We compare different algorithms for fitting one of the two positional states of the simulation model in Fig. 8a, b. We find that the algorithm proposed in this paper is closer to the real values than KF, MCKF, WSKF and STTKF, and has a better fitting effect. Similarly, Figs. 9, 10, and 11 show the performance of the algorithm in three different impulse noise environments, and the corresponding MSDs are presented in Table 5. We can clearly observe that the proposed algorithm in this paper possesses faster convergence speed and lower MSD compared to other algorithms under the influence of impulse noise, which are 8.7765, 9.1960 and 9.1960, respectively. Therefore, it can be shown that the algorithm in the second example also possesses better stationarity under the influence of impulse noise.

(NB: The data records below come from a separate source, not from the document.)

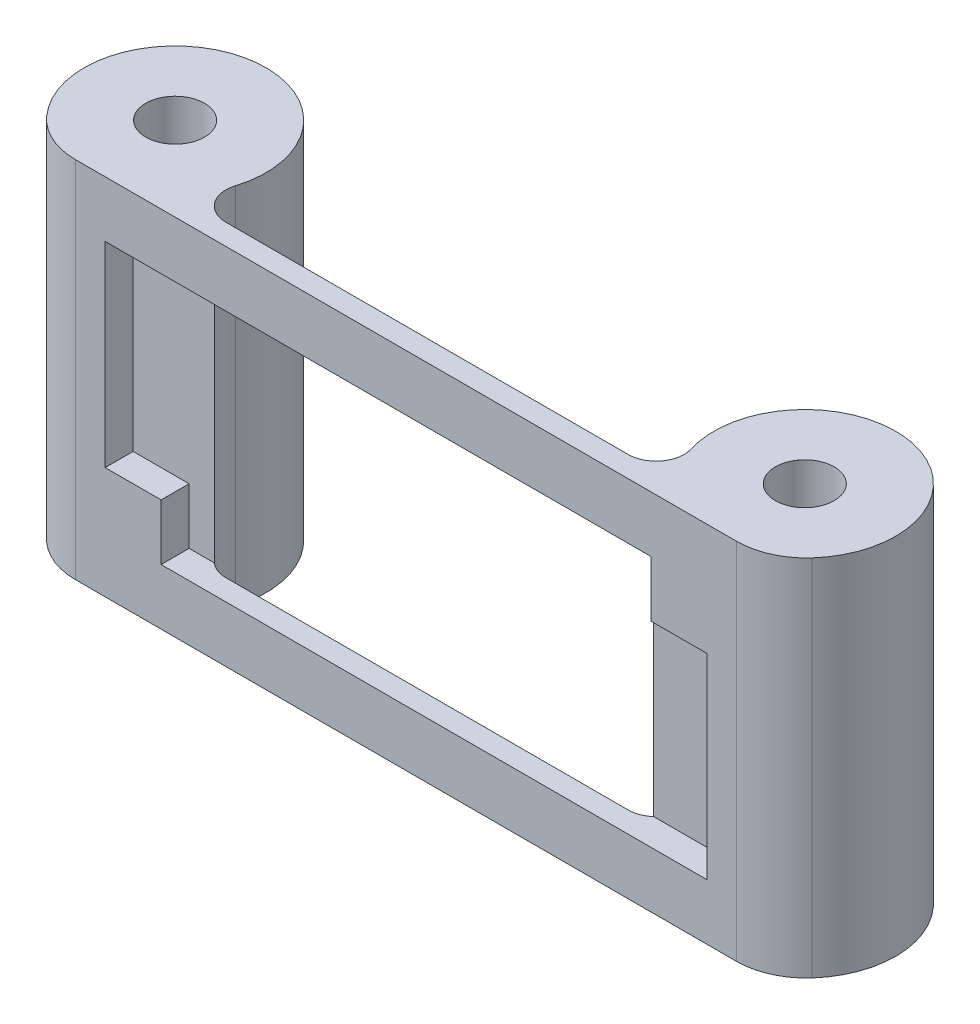
ISO-10303-21;
HEADER;
FILE_DESCRIPTION(('STEP AP214'),'2;1');
FILE_NAME('part.step','',(''),(''),'','','');
FILE_SCHEMA(('AUTOMOTIVE_DESIGN { 1 0 10303 214 1 1 1 1 }'));
ENDSEC;
DATA;
#1=APPLICATION_CONTEXT('core data for automotive mechanical design processes');
#2=APPLICATION_PROTOCOL_DEFINITION('international standard','automotive_design',2000,#1);
#3=PRODUCT_CONTEXT('',#1,'mechanical');
#4=PRODUCT('Part','Part','',(#3));
#5=PRODUCT_RELATED_PRODUCT_CATEGORY('part','',(#4));
#6=PRODUCT_DEFINITION_FORMATION('','',#4);
#7=PRODUCT_DEFINITION_CONTEXT('part definition',#1,'design');
#8=PRODUCT_DEFINITION('design','',#6,#7);
#9=PRODUCT_DEFINITION_SHAPE('','',#8);
#10=(LENGTH_UNIT() NAMED_UNIT(*) SI_UNIT(.MILLI.,.METRE.));
#11=(NAMED_UNIT(*) PLANE_ANGLE_UNIT() SI_UNIT($,.RADIAN.));
#12=(NAMED_UNIT(*) SI_UNIT($,.STERADIAN.) SOLID_ANGLE_UNIT());
#13=UNCERTAINTY_MEASURE_WITH_UNIT(LENGTH_MEASURE(1.E-05),#10,'distance_accuracy_value','');
#14=(GEOMETRIC_REPRESENTATION_CONTEXT(3) GLOBAL_UNCERTAINTY_ASSIGNED_CONTEXT((#13)) GLOBAL_UNIT_ASSIGNED_CONTEXT((#10,
#11,#12)) REPRESENTATION_CONTEXT('',''));
#15=CARTESIAN_POINT('',(0.,0.,0.));
#16=DIRECTION('',(0.,0.,1.));
#17=DIRECTION('',(1.,0.,0.));
#18=AXIS2_PLACEMENT_3D('',#15,#16,#17);
#19=CARTESIAN_POINT('',(0.,0.,4.5));
#20=DIRECTION('',(0.,0.,1.));
#21=DIRECTION('',(1.,0.,0.));
#22=AXIS2_PLACEMENT_3D('',#19,#20,#21);
#23=PLANE('',#22);
#24=DIRECTION('',(0.,1.,0.));
#25=VECTOR('',#24,1.);
#26=CARTESIAN_POINT('',(36.875961595364,0.,4.5));
#27=LINE('',#26,#25);
#28=CARTESIAN_POINT('',(36.875961595364,26.,4.5));
#29=VERTEX_POINT('',#28);
#30=CARTESIAN_POINT('',(36.875961595364,22.,4.5));
#31=VERTEX_POINT('',#30);
#32=EDGE_CURVE('E274',#29,#31,#27,.F.);
#33=ORIENTED_EDGE('',*,*,#32,.T.);
#34=DIRECTION('',(-1.,0.,0.));
#35=VECTOR('',#34,1.);
#36=CARTESIAN_POINT('',(0.,22.,4.5));
#37=LINE('',#36,#35);
#38=CARTESIAN_POINT('',(8.12403840463595,22.,4.5));
#39=VERTEX_POINT('',#38);
#40=EDGE_CURVE('E233',#31,#39,#37,.T.);
#41=ORIENTED_EDGE('',*,*,#40,.T.);
#42=DIRECTION('',(0.,1.,0.));
#43=VECTOR('',#42,1.);
#44=CARTESIAN_POINT('',(8.12403840463596,26.,4.5));
#45=LINE('',#44,#43);
#46=CARTESIAN_POINT('',(8.12403840463595,26.,4.5));
#47=VERTEX_POINT('',#46);
#48=EDGE_CURVE('E277',#39,#47,#45,.T.);
#49=ORIENTED_EDGE('',*,*,#48,.T.);
#50=DIRECTION('',(-1.,0.,0.));
#51=VECTOR('',#50,1.);
#52=CARTESIAN_POINT('',(-2.5,26.,4.5));
#53=LINE('',#52,#51);
#54=EDGE_CURVE('E252',#29,#47,#53,.T.);
#55=ORIENTED_EDGE('',*,*,#54,.F.);
#56=EDGE_LOOP('',(#33,#41,#49,#55));
#57=FACE_BOUND('',#56,.T.);
#58=ADVANCED_FACE('F17',(#57),#23,.F.);
#59=CARTESIAN_POINT('',(8.12403840463595,0.,4.5));
#60=VERTEX_POINT('',#59);
#61=CARTESIAN_POINT('',(8.12403840463595,4.,4.5));
#62=VERTEX_POINT('',#61);
#63=EDGE_CURVE('E278',#60,#62,#45,.T.);
#64=ORIENTED_EDGE('',*,*,#63,.T.);
#65=DIRECTION('',(1.,0.,0.));
#66=VECTOR('',#65,1.);
#67=CARTESIAN_POINT('',(0.,4.,4.5));
#68=LINE('',#67,#66);
#69=CARTESIAN_POINT('',(36.875961595364,4.,4.5));
#70=VERTEX_POINT('',#69);
#71=EDGE_CURVE('E227',#62,#70,#68,.T.);
#72=ORIENTED_EDGE('',*,*,#71,.T.);
#73=CARTESIAN_POINT('',(36.875961595364,0.,4.5));
#74=VERTEX_POINT('',#73);
#75=EDGE_CURVE('E271',#70,#74,#27,.F.);
#76=ORIENTED_EDGE('',*,*,#75,.T.);
#77=DIRECTION('',(1.,0.,0.));
#78=VECTOR('',#77,1.);
#79=CARTESIAN_POINT('',(-2.5,0.,4.5));
#80=LINE('',#79,#78);
#81=EDGE_CURVE('E248',#60,#74,#80,.T.);
#82=ORIENTED_EDGE('',*,*,#81,.F.);
#83=EDGE_LOOP('',(#64,#72,#76,#82));
#84=FACE_BOUND('',#83,.T.);
#85=ADVANCED_FACE('F326',(#84),#23,.F.);
#86=CARTESIAN_POINT('',(0.,26.,0.));
#87=DIRECTION('',(0.,-1.,0.));
#88=DIRECTION('',(0.,0.,-1.));
#89=AXIS2_PLACEMENT_3D('',#86,#87,#88);
#90=CYLINDRICAL_SURFACE('',#89,6.5);
#91=CARTESIAN_POINT('',(0.,0.,0.));
#92=DIRECTION('',(0.,1.,0.));
#93=DIRECTION('',(0.,0.,1.));
#94=AXIS2_PLACEMENT_3D('',#91,#92,#93);
#95=CIRCLE('',#94,6.5);
#96=CARTESIAN_POINT('',(6.21249995648632,0.,1.91176470588236));
#97=VERTEX_POINT('',#96);
#98=CARTESIAN_POINT('',(-4.84481395124954,0.,4.33333333333334));
#99=VERTEX_POINT('',#98);
#100=EDGE_CURVE('E265',#97,#99,#95,.T.);
#101=ORIENTED_EDGE('',*,*,#100,.T.);
#102=DIRECTION('',(0.,-1.,0.));
#103=VECTOR('',#102,1.);
#104=CARTESIAN_POINT('',(-4.84481395124954,26.,4.33333333333334));
#105=LINE('',#104,#103);
#106=CARTESIAN_POINT('',(-4.84481395124954,26.,4.33333333333334));
#107=VERTEX_POINT('',#106);
#108=EDGE_CURVE('E311',#99,#107,#105,.F.);
#109=ORIENTED_EDGE('',*,*,#108,.T.);
#110=CARTESIAN_POINT('',(0.,26.,0.));
#111=DIRECTION('',(0.,1.,0.));
#112=DIRECTION('',(0.,0.,1.));
#113=AXIS2_PLACEMENT_3D('',#110,#111,#112);
#114=CIRCLE('',#113,6.5);
#115=CARTESIAN_POINT('',(6.21249995648632,26.,1.91176470588236));
#116=VERTEX_POINT('',#115);
#117=EDGE_CURVE('E268',#116,#107,#114,.T.);
#118=ORIENTED_EDGE('',*,*,#117,.F.);
#119=DIRECTION('',(0.,-1.,0.));
#120=VECTOR('',#119,1.);
#121=CARTESIAN_POINT('',(6.21249995648632,26.,1.91176470588236));
#122=LINE('',#121,#120);
#123=EDGE_CURVE('E281',#116,#97,#122,.T.);
#124=ORIENTED_EDGE('',*,*,#123,.T.);
#125=EDGE_LOOP('',(#101,#109,#118,#124));
#126=FACE_BOUND('',#125,.T.);
#127=ADVANCED_FACE('F381',(#126),#90,.T.);
#128=CARTESIAN_POINT('',(0.,26.,0.));
#129=DIRECTION('',(0.,1.,0.));
#130=DIRECTION('',(0.,0.,1.));
#131=AXIS2_PLACEMENT_3D('',#128,#129,#130);
#132=PLANE('',#131);
#133=DIRECTION('',(1.,0.,0.));
#134=VECTOR('',#133,1.);
#135=CARTESIAN_POINT('',(0.,26.,6.));
#136=LINE('',#135,#134);
#137=CARTESIAN_POINT('',(-1.11803398874989,26.,6.));
#138=VERTEX_POINT('',#137);
#139=CARTESIAN_POINT('',(46.1180339887499,26.,6.));
#140=VERTEX_POINT('',#139);
#141=EDGE_CURVE('E258',#138,#140,#136,.T.);
#142=ORIENTED_EDGE('',*,*,#141,.T.);
#143=CARTESIAN_POINT('',(46.1180339887499,26.,1.));
#144=DIRECTION('',(0.,1.,0.));
#145=DIRECTION('',(0.,0.,1.));
#146=AXIS2_PLACEMENT_3D('',#143,#144,#145);
#147=CIRCLE('',#146,5.);
#148=CARTESIAN_POINT('',(49.8448139512495,26.,4.33333333333334));
#149=VERTEX_POINT('',#148);
#150=EDGE_CURVE('E303',#140,#149,#147,.T.);
#151=ORIENTED_EDGE('',*,*,#150,.T.);
#152=CARTESIAN_POINT('',(45.,26.,0.));
#153=DIRECTION('',(0.,1.,0.));
#154=DIRECTION('',(0.,0.,1.));
#155=AXIS2_PLACEMENT_3D('',#152,#153,#154);
#156=CIRCLE('',#155,6.5);
#157=CARTESIAN_POINT('',(38.7875000435137,26.,1.91176470588236));
#158=VERTEX_POINT('',#157);
#159=EDGE_CURVE('E246',#149,#158,#156,.T.);
#160=ORIENTED_EDGE('',*,*,#159,.T.);
#161=CARTESIAN_POINT('',(36.875961595364,26.,2.5));
#162=DIRECTION('',(0.,1.,0.));
#163=DIRECTION('',(0.,0.,1.));
#164=AXIS2_PLACEMENT_3D('',#161,#162,#163);
#165=CIRCLE('',#164,2.);
#166=EDGE_CURVE('E290',#158,#29,#165,.F.);
#167=ORIENTED_EDGE('',*,*,#166,.T.);
#168=ORIENTED_EDGE('',*,*,#54,.T.);
#169=CARTESIAN_POINT('',(8.12403840463596,26.,2.5));
#170=DIRECTION('',(0.,1.,0.));
#171=DIRECTION('',(0.,0.,1.));
#172=AXIS2_PLACEMENT_3D('',#169,#170,#171);
#173=CIRCLE('',#172,2.);
#174=EDGE_CURVE('E286',#47,#116,#173,.F.);
#175=ORIENTED_EDGE('',*,*,#174,.T.);
#176=ORIENTED_EDGE('',*,*,#117,.T.);
#177=CARTESIAN_POINT('',(-1.11803398874989,26.,1.));
#178=DIRECTION('',(0.,1.,0.));
#179=DIRECTION('',(0.,0.,1.));
#180=AXIS2_PLACEMENT_3D('',#177,#178,#179);
#181=CIRCLE('',#180,5.);
#182=EDGE_CURVE('E301',#107,#138,#181,.T.);
#183=ORIENTED_EDGE('',*,*,#182,.T.);
#184=EDGE_LOOP('',(#142,#151,#160,#167,#168,#175,#176,#183));
#185=FACE_BOUND('',#184,.T.);
#186=CARTESIAN_POINT('',(45.,26.,0.));
#187=DIRECTION('',(0.,1.,0.));
#188=DIRECTION('',(0.,0.,1.));
#189=AXIS2_PLACEMENT_3D('',#186,#187,#188);
#190=CIRCLE('',#189,2.1);
#191=CARTESIAN_POINT('',(45.,26.,2.1));
#192=VERTEX_POINT('',#191);
#193=EDGE_CURVE('E240',#192,#192,#190,.T.);
#194=ORIENTED_EDGE('',*,*,#193,.F.);
#195=EDGE_LOOP('',(#194));
#196=FACE_BOUND('',#195,.T.);
#197=CARTESIAN_POINT('',(0.,26.,0.));
#198=DIRECTION('',(0.,1.,0.));
#199=DIRECTION('',(0.,0.,1.));
#200=AXIS2_PLACEMENT_3D('',#197,#198,#199);
#201=CIRCLE('',#200,2.1);
#202=CARTESIAN_POINT('',(0.,26.,2.1));
#203=VERTEX_POINT('',#202);
#204=EDGE_CURVE('E262',#203,#203,#201,.T.);
#205=ORIENTED_EDGE('',*,*,#204,.F.);
#206=EDGE_LOOP('',(#205));
#207=FACE_BOUND('',#206,.T.);
#208=ADVANCED_FACE('F364',(#185,#196,#207),#132,.T.);
#209=CARTESIAN_POINT('',(0.,0.,0.));
#210=DIRECTION('',(0.,1.,0.));
#211=DIRECTION('',(0.,0.,1.));
#212=AXIS2_PLACEMENT_3D('',#209,#210,#211);
#213=PLANE('',#212);
#214=CARTESIAN_POINT('',(45.,0.,0.));
#215=DIRECTION('',(0.,1.,0.));
#216=DIRECTION('',(0.,0.,1.));
#217=AXIS2_PLACEMENT_3D('',#214,#215,#216);
#218=CIRCLE('',#217,6.5);
#219=CARTESIAN_POINT('',(49.8448139512495,0.,4.33333333333334));
#220=VERTEX_POINT('',#219);
#221=CARTESIAN_POINT('',(38.7875000435137,0.,1.91176470588236));
#222=VERTEX_POINT('',#221);
#223=EDGE_CURVE('E243',#220,#222,#218,.T.);
#224=ORIENTED_EDGE('',*,*,#223,.F.);
#225=CARTESIAN_POINT('',(46.1180339887499,0.,1.));
#226=DIRECTION('',(0.,1.,0.));
#227=DIRECTION('',(0.,0.,1.));
#228=AXIS2_PLACEMENT_3D('',#225,#226,#227);
#229=CIRCLE('',#228,5.);
#230=CARTESIAN_POINT('',(46.1180339887499,0.,6.));
#231=VERTEX_POINT('',#230);
#232=EDGE_CURVE('E309',#220,#231,#229,.F.);
#233=ORIENTED_EDGE('',*,*,#232,.T.);
#234=DIRECTION('',(1.,0.,0.));
#235=VECTOR('',#234,1.);
#236=CARTESIAN_POINT('',(0.,0.,6.));
#237=LINE('',#236,#235);
#238=CARTESIAN_POINT('',(-1.11803398874989,0.,6.));
#239=VERTEX_POINT('',#238);
#240=EDGE_CURVE('E255',#239,#231,#237,.T.);
#241=ORIENTED_EDGE('',*,*,#240,.F.);
#242=CARTESIAN_POINT('',(-1.11803398874989,0.,1.));
#243=DIRECTION('',(0.,1.,0.));
#244=DIRECTION('',(0.,0.,1.));
#245=AXIS2_PLACEMENT_3D('',#242,#243,#244);
#246=CIRCLE('',#245,5.);
#247=EDGE_CURVE('E307',#239,#99,#246,.F.);
#248=ORIENTED_EDGE('',*,*,#247,.T.);
#249=ORIENTED_EDGE('',*,*,#100,.F.);
#250=CARTESIAN_POINT('',(8.12403840463596,0.,2.5));
#251=DIRECTION('',(0.,1.,0.));
#252=DIRECTION('',(0.,0.,1.));
#253=AXIS2_PLACEMENT_3D('',#250,#251,#252);
#254=CIRCLE('',#253,2.);
#255=EDGE_CURVE('E288',#97,#60,#254,.T.);
#256=ORIENTED_EDGE('',*,*,#255,.T.);
#257=ORIENTED_EDGE('',*,*,#81,.T.);
#258=CARTESIAN_POINT('',(36.875961595364,0.,2.5));
#259=DIRECTION('',(0.,1.,0.));
#260=DIRECTION('',(0.,0.,1.));
#261=AXIS2_PLACEMENT_3D('',#258,#259,#260);
#262=CIRCLE('',#261,2.);
#263=EDGE_CURVE('E292',#74,#222,#262,.T.);
#264=ORIENTED_EDGE('',*,*,#263,.T.);
#265=EDGE_LOOP('',(#224,#233,#241,#248,#249,#256,#257,#264));
#266=FACE_BOUND('',#265,.T.);
#267=CARTESIAN_POINT('',(45.,0.,0.));
#268=DIRECTION('',(0.,1.,0.));
#269=DIRECTION('',(0.,0.,1.));
#270=AXIS2_PLACEMENT_3D('',#267,#268,#269);
#271=CIRCLE('',#270,2.1);
#272=CARTESIAN_POINT('',(45.,0.,2.1));
#273=VERTEX_POINT('',#272);
#274=EDGE_CURVE('E239',#273,#273,#271,.T.);
#275=ORIENTED_EDGE('',*,*,#274,.T.);
#276=EDGE_LOOP('',(#275));
#277=FACE_BOUND('',#276,.T.);
#278=CARTESIAN_POINT('',(0.,0.,0.));
#279=DIRECTION('',(0.,1.,0.));
#280=DIRECTION('',(0.,0.,1.));
#281=AXIS2_PLACEMENT_3D('',#278,#279,#280);
#282=CIRCLE('',#281,2.1);
#283=CARTESIAN_POINT('',(0.,0.,2.1));
#284=VERTEX_POINT('',#283);
#285=EDGE_CURVE('E261',#284,#284,#282,.T.);
#286=ORIENTED_EDGE('',*,*,#285,.T.);
#287=EDGE_LOOP('',(#286));
#288=FACE_BOUND('',#287,.T.);
#289=ADVANCED_FACE('F375',(#266,#277,#288),#213,.F.);
#290=CARTESIAN_POINT('',(0.,26.,0.));
#291=DIRECTION('',(0.,-1.,0.));
#292=DIRECTION('',(0.,0.,-1.));
#293=AXIS2_PLACEMENT_3D('',#290,#291,#292);
#294=CYLINDRICAL_SURFACE('',#293,2.1);
#295=ORIENTED_EDGE('',*,*,#204,.T.);
#296=EDGE_LOOP('',(#295));
#297=FACE_BOUND('',#296,.T.);
#298=ORIENTED_EDGE('',*,*,#285,.F.);
#299=EDGE_LOOP('',(#298));
#300=FACE_BOUND('',#299,.T.);
#301=ADVANCED_FACE('F406',(#297,#300),#294,.F.);
#302=CARTESIAN_POINT('',(-23.2632016672056,52.,6.));
#303=DIRECTION('',(0.,0.,1.));
#304=DIRECTION('',(1.,0.,0.));
#305=AXIS2_PLACEMENT_3D('',#302,#303,#304);
#306=PLANE('',#305);
#307=DIRECTION('',(0.,-1.,0.));
#308=VECTOR('',#307,1.);
#309=CARTESIAN_POINT('',(1.,22.,6.));
#310=LINE('',#309,#308);
#311=CARTESIAN_POINT('',(1.,22.,6.));
#312=VERTEX_POINT('',#311);
#313=CARTESIAN_POINT('',(1.,8.,6.));
#314=VERTEX_POINT('',#313);
#315=EDGE_CURVE('E32',#312,#314,#310,.T.);
#316=ORIENTED_EDGE('',*,*,#315,.F.);
#317=DIRECTION('',(-1.,0.,0.));
#318=VECTOR('',#317,1.);
#319=CARTESIAN_POINT('',(1.,22.,6.));
#320=LINE('',#319,#318);
#321=CARTESIAN_POINT('',(40.,22.,6.));
#322=VERTEX_POINT('',#321);
#323=EDGE_CURVE('E175',#322,#312,#320,.T.);
#324=ORIENTED_EDGE('',*,*,#323,.F.);
#325=DIRECTION('',(0.,1.,0.));
#326=VECTOR('',#325,1.);
#327=CARTESIAN_POINT('',(40.,22.,6.));
#328=LINE('',#327,#326);
#329=CARTESIAN_POINT('',(40.,18.,6.));
#330=VERTEX_POINT('',#329);
#331=EDGE_CURVE('E178',#330,#322,#328,.T.);
#332=ORIENTED_EDGE('',*,*,#331,.F.);
#333=DIRECTION('',(-1.,0.,0.));
#334=VECTOR('',#333,1.);
#335=CARTESIAN_POINT('',(40.,18.,6.));
#336=LINE('',#335,#334);
#337=CARTESIAN_POINT('',(44.,18.,6.));
#338=VERTEX_POINT('',#337);
#339=EDGE_CURVE('E207',#338,#330,#336,.T.);
#340=ORIENTED_EDGE('',*,*,#339,.F.);
#341=DIRECTION('',(0.,1.,0.));
#342=VECTOR('',#341,1.);
#343=CARTESIAN_POINT('',(44.,18.,6.));
#344=LINE('',#343,#342);
#345=CARTESIAN_POINT('',(44.,4.,6.));
#346=VERTEX_POINT('',#345);
#347=EDGE_CURVE('E204',#346,#338,#344,.T.);
#348=ORIENTED_EDGE('',*,*,#347,.F.);
#349=DIRECTION('',(1.,0.,0.));
#350=VECTOR('',#349,1.);
#351=CARTESIAN_POINT('',(5.,4.,6.));
#352=LINE('',#351,#350);
#353=CARTESIAN_POINT('',(5.,4.,6.));
#354=VERTEX_POINT('',#353);
#355=EDGE_CURVE('E201',#354,#346,#352,.T.);
#356=ORIENTED_EDGE('',*,*,#355,.F.);
#357=DIRECTION('',(0.,-1.,0.));
#358=VECTOR('',#357,1.);
#359=CARTESIAN_POINT('',(5.,8.,6.));
#360=LINE('',#359,#358);
#361=CARTESIAN_POINT('',(5.,8.,6.));
#362=VERTEX_POINT('',#361);
#363=EDGE_CURVE('E198',#362,#354,#360,.T.);
#364=ORIENTED_EDGE('',*,*,#363,.F.);
#365=DIRECTION('',(1.,0.,0.));
#366=VECTOR('',#365,1.);
#367=CARTESIAN_POINT('',(1.,8.,6.));
#368=LINE('',#367,#366);
#369=EDGE_CURVE('E196',#314,#362,#368,.T.);
#370=ORIENTED_EDGE('',*,*,#369,.F.);
#371=EDGE_LOOP('',(#316,#324,#332,#340,#348,#356,#364,#370));
#372=FACE_BOUND('',#371,.T.);
#373=ORIENTED_EDGE('',*,*,#240,.T.);
#374=DIRECTION('',(0.,1.,0.));
#375=VECTOR('',#374,1.);
#376=CARTESIAN_POINT('',(46.1180339887499,26.,6.));
#377=LINE('',#376,#375);
#378=EDGE_CURVE('E298',#231,#140,#377,.T.);
#379=ORIENTED_EDGE('',*,*,#378,.T.);
#380=ORIENTED_EDGE('',*,*,#141,.F.);
#381=DIRECTION('',(0.,1.,0.));
#382=VECTOR('',#381,1.);
#383=CARTESIAN_POINT('',(-1.11803398874989,0.,6.));
#384=LINE('',#383,#382);
#385=EDGE_CURVE('E295',#138,#239,#384,.F.);
#386=ORIENTED_EDGE('',*,*,#385,.T.);
#387=EDGE_LOOP('',(#373,#379,#380,#386));
#388=FACE_BOUND('',#387,.T.);
#389=ADVANCED_FACE('F343',(#372,#388),#306,.T.);
#390=CARTESIAN_POINT('',(45.,26.,0.));
#391=DIRECTION('',(0.,-1.,0.));
#392=DIRECTION('',(0.,0.,-1.));
#393=AXIS2_PLACEMENT_3D('',#390,#391,#392);
#394=CYLINDRICAL_SURFACE('',#393,6.5);
#395=ORIENTED_EDGE('',*,*,#159,.F.);
#396=DIRECTION('',(0.,-1.,0.));
#397=VECTOR('',#396,1.);
#398=CARTESIAN_POINT('',(49.8448139512495,26.,4.33333333333334));
#399=LINE('',#398,#397);
#400=EDGE_CURVE('E305',#149,#220,#399,.T.);
#401=ORIENTED_EDGE('',*,*,#400,.T.);
#402=ORIENTED_EDGE('',*,*,#223,.T.);
#403=DIRECTION('',(0.,-1.,0.));
#404=VECTOR('',#403,1.);
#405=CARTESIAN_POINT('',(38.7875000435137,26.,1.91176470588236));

Table 5 MSDs (dB) of Example 1 under impulse noise

6 Conclusion

This paper proposes a Kalman filtering algorithm that fuses the S-function with the maximum correlation entropy under Huber estimated weights, the HSWKF algorithm. The algorithm utilizes the nonlinear properties of the function and the robust estimation of the weights to solve the problem of poor robustness of algorithms such as KF and MCKF in impulse noise environments. By simulation experiments, the stability of the algorithm is verified. The simulation results show that the experimental steady state errors of the four algorithms are consistent with the theoretical values, and the HWSKF proposed in this paper has the best steady state performance, which is better than the KF, MCKF, STTKF and WSKF in the future, the algorithm can be extended to the extended Kalman filtering algorithm and the estimation of the battery’s charge state.